→ Task item
From the data underneath, reproduce exactly the stretch that begins at the line with "(part 3 of 29)" and ends after the line with "pol1_in9_coeffs : Subsystem".

Data items
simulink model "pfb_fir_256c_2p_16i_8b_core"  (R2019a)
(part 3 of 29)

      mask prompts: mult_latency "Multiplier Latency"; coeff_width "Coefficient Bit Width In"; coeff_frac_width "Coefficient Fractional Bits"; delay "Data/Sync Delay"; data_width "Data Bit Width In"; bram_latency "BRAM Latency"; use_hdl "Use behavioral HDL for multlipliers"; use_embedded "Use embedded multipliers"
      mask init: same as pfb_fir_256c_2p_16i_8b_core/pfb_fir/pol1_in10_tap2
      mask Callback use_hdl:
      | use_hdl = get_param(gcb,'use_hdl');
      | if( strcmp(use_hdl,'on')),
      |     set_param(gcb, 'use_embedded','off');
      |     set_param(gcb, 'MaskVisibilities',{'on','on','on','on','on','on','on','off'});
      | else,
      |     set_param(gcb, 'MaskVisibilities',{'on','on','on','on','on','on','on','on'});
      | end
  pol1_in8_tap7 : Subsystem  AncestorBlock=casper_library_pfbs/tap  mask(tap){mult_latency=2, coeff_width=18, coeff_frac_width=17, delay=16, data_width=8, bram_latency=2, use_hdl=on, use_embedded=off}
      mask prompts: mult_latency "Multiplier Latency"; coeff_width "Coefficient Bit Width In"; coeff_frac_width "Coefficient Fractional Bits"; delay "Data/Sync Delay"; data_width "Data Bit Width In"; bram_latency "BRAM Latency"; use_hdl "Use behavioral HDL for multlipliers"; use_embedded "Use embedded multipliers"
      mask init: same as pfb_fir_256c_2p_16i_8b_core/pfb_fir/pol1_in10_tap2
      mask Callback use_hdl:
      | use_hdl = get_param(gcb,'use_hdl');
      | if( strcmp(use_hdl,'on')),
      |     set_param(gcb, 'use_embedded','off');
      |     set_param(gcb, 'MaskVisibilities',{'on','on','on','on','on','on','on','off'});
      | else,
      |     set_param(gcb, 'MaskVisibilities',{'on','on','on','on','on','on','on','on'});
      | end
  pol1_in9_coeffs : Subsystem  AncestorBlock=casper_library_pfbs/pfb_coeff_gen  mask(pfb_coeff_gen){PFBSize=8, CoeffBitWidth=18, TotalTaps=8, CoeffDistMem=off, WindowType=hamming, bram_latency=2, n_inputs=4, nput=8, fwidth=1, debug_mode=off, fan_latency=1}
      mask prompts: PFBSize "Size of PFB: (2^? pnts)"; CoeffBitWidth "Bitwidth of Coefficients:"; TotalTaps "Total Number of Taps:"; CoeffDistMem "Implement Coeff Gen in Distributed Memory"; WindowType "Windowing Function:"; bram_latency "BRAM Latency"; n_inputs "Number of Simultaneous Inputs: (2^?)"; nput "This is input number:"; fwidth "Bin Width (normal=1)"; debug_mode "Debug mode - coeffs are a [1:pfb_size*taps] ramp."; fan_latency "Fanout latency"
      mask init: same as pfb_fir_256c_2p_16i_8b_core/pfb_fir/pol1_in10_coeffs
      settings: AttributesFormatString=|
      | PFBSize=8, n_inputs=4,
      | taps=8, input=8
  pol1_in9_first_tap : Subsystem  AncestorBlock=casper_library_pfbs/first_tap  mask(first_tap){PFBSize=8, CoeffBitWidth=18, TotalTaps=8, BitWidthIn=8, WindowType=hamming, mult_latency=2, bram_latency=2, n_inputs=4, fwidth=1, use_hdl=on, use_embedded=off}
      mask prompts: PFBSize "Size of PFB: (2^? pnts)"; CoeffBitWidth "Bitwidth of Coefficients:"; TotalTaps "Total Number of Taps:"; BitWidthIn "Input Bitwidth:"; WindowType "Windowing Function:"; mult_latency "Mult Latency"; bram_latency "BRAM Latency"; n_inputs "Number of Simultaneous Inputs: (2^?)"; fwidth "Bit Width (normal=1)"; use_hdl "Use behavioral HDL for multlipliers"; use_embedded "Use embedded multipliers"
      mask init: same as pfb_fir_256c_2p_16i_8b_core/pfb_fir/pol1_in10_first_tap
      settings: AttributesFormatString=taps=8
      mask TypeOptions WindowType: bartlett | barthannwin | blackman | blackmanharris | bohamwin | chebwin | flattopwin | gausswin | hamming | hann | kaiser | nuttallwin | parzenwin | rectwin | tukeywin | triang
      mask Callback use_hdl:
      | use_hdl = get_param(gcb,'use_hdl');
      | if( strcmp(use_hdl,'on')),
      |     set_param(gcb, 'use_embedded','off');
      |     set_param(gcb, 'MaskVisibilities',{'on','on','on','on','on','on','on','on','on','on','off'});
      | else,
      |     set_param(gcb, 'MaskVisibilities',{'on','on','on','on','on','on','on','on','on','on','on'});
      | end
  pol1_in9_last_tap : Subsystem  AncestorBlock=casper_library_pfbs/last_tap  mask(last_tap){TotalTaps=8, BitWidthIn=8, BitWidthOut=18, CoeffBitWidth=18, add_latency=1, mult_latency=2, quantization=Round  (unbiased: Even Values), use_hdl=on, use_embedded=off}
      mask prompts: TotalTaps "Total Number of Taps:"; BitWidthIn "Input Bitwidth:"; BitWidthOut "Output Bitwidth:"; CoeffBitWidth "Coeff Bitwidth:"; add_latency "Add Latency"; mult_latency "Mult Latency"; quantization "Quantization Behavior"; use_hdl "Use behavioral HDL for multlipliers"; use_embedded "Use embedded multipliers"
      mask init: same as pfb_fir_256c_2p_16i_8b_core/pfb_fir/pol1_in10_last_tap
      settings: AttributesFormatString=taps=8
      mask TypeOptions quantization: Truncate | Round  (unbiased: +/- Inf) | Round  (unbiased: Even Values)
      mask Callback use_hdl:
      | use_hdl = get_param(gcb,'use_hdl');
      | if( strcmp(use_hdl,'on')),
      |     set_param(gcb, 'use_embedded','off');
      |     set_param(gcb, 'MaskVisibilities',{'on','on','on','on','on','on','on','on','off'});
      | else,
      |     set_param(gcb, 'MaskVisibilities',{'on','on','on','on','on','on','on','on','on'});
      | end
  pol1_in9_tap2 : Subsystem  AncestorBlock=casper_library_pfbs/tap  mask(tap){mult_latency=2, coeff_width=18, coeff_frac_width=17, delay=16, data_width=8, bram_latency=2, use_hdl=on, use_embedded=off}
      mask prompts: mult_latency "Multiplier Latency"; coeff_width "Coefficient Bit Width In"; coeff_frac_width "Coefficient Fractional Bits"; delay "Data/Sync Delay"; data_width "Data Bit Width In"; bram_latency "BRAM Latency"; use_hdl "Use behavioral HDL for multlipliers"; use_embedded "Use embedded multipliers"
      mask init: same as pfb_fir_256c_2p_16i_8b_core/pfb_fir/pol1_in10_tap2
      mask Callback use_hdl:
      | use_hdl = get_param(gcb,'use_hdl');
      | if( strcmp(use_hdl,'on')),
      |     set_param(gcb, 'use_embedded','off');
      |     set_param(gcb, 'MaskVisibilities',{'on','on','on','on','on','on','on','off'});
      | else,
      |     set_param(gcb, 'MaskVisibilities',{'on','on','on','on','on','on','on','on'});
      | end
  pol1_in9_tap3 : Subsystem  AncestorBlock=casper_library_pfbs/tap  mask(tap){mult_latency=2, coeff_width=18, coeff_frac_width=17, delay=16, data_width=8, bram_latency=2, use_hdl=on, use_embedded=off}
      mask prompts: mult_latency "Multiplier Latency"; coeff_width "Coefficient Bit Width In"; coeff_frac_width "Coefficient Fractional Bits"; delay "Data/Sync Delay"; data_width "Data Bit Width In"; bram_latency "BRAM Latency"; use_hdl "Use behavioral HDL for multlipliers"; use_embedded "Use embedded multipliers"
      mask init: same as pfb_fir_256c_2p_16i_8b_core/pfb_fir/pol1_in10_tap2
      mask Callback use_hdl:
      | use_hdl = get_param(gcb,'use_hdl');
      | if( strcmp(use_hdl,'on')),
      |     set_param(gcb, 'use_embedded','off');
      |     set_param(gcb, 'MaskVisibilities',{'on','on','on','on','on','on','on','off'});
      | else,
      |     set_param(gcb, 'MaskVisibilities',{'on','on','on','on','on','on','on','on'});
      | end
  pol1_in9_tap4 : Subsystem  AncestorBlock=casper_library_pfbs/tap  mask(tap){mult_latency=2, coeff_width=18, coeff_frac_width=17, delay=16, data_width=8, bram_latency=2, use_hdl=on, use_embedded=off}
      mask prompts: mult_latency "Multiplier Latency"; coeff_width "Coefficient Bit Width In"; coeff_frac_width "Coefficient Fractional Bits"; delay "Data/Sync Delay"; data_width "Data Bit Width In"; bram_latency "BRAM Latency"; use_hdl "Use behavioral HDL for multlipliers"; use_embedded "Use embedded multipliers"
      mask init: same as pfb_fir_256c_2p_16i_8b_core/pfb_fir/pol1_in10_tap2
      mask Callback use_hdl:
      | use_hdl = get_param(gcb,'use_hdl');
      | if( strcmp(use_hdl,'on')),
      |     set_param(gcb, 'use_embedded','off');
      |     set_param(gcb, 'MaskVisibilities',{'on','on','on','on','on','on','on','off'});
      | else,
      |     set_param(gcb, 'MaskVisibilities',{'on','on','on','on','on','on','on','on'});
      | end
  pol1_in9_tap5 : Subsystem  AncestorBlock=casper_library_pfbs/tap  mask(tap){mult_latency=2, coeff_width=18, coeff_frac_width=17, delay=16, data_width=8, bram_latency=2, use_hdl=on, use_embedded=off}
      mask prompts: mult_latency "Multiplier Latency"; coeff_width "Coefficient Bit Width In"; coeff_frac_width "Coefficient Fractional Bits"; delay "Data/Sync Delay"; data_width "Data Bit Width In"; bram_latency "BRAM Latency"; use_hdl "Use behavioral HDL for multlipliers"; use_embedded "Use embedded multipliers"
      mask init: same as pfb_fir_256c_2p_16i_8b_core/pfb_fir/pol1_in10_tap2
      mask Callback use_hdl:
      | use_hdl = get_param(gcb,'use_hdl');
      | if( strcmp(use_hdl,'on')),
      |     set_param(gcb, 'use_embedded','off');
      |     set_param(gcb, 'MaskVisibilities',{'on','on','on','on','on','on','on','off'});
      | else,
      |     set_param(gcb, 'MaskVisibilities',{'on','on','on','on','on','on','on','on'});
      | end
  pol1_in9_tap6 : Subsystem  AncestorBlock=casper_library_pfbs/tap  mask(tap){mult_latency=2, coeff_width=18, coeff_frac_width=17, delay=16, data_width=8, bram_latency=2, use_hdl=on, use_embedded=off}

→ Response area
(part 3 of 29)

      mask prompts: mult_latency "Multiplier Latency"; coeff_width "Coefficient Bit Width In"; coeff_frac_width "Coefficient Fractional Bits"; delay "Data/Sync Delay"; data_width "Data Bit Width In"; bram_latency "BRAM Latency"; use_hdl "Use behavioral HDL for multlipliers"; use_embedded "Use embedded multipliers"
      mask init: same as pfb_fir_256c_2p_16i_8b_core/pfb_fir/pol1_in10_tap2
      mask Callback use_hdl:
      | use_hdl = get_param(gcb,'use_hdl');
      | if( strcmp(use_hdl,'on')),
      |     set_param(gcb, 'use_embedded','off');
      |     set_param(gcb, 'MaskVisibilities',{'on','on','on','on','on','on','on','off'});
      | else,
      |     set_param(gcb, 'MaskVisibilities',{'on','on','on','on','on','on','on','on'});
      | end
  pol1_in8_tap7 : Subsystem  AncestorBlock=casper_library_pfbs/tap  mask(tap){mult_latency=2, coeff_width=18, coeff_frac_width=17, delay=16, data_width=8, bram_latency=2, use_hdl=on, use_embedded=off}
      mask prompts: mult_latency "Multiplier Latency"; coeff_width "Coefficient Bit Width In"; coeff_frac_width "Coefficient Fractional Bits"; delay "Data/Sync Delay"; data_width "Data Bit Width In"; bram_latency "BRAM Latency"; use_hdl "Use behavioral HDL for multlipliers"; use_embedded "Use embedded multipliers"
      mask init: same as pfb_fir_256c_2p_16i_8b_core/pfb_fir/pol1_in10_tap2
      mask Callback use_hdl:
      | use_hdl = get_param(gcb,'use_hdl');
      | if( strcmp(use_hdl,'on')),
      |     set_param(gcb, 'use_embedded','off');
      |     set_param(gcb, 'MaskVisibilities',{'on','on','on','on','on','on','on','off'});
      | else,
      |     set_param(gcb, 'MaskVisibilities',{'on','on','on','on','on','on','on','on'});
      | end
  pol1_in9_coeffs : Subsystem  AncestorBlock=casper_library_pfbs/pfb_coeff_gen  mask(pfb_coeff_gen){PFBSize=8, CoeffBitWidth=18, TotalTaps=8, CoeffDistMem=off, WindowType=hamming, bram_latency=2, n_inputs=4, nput=8, fwidth=1, debug_mode=off, fan_latency=1}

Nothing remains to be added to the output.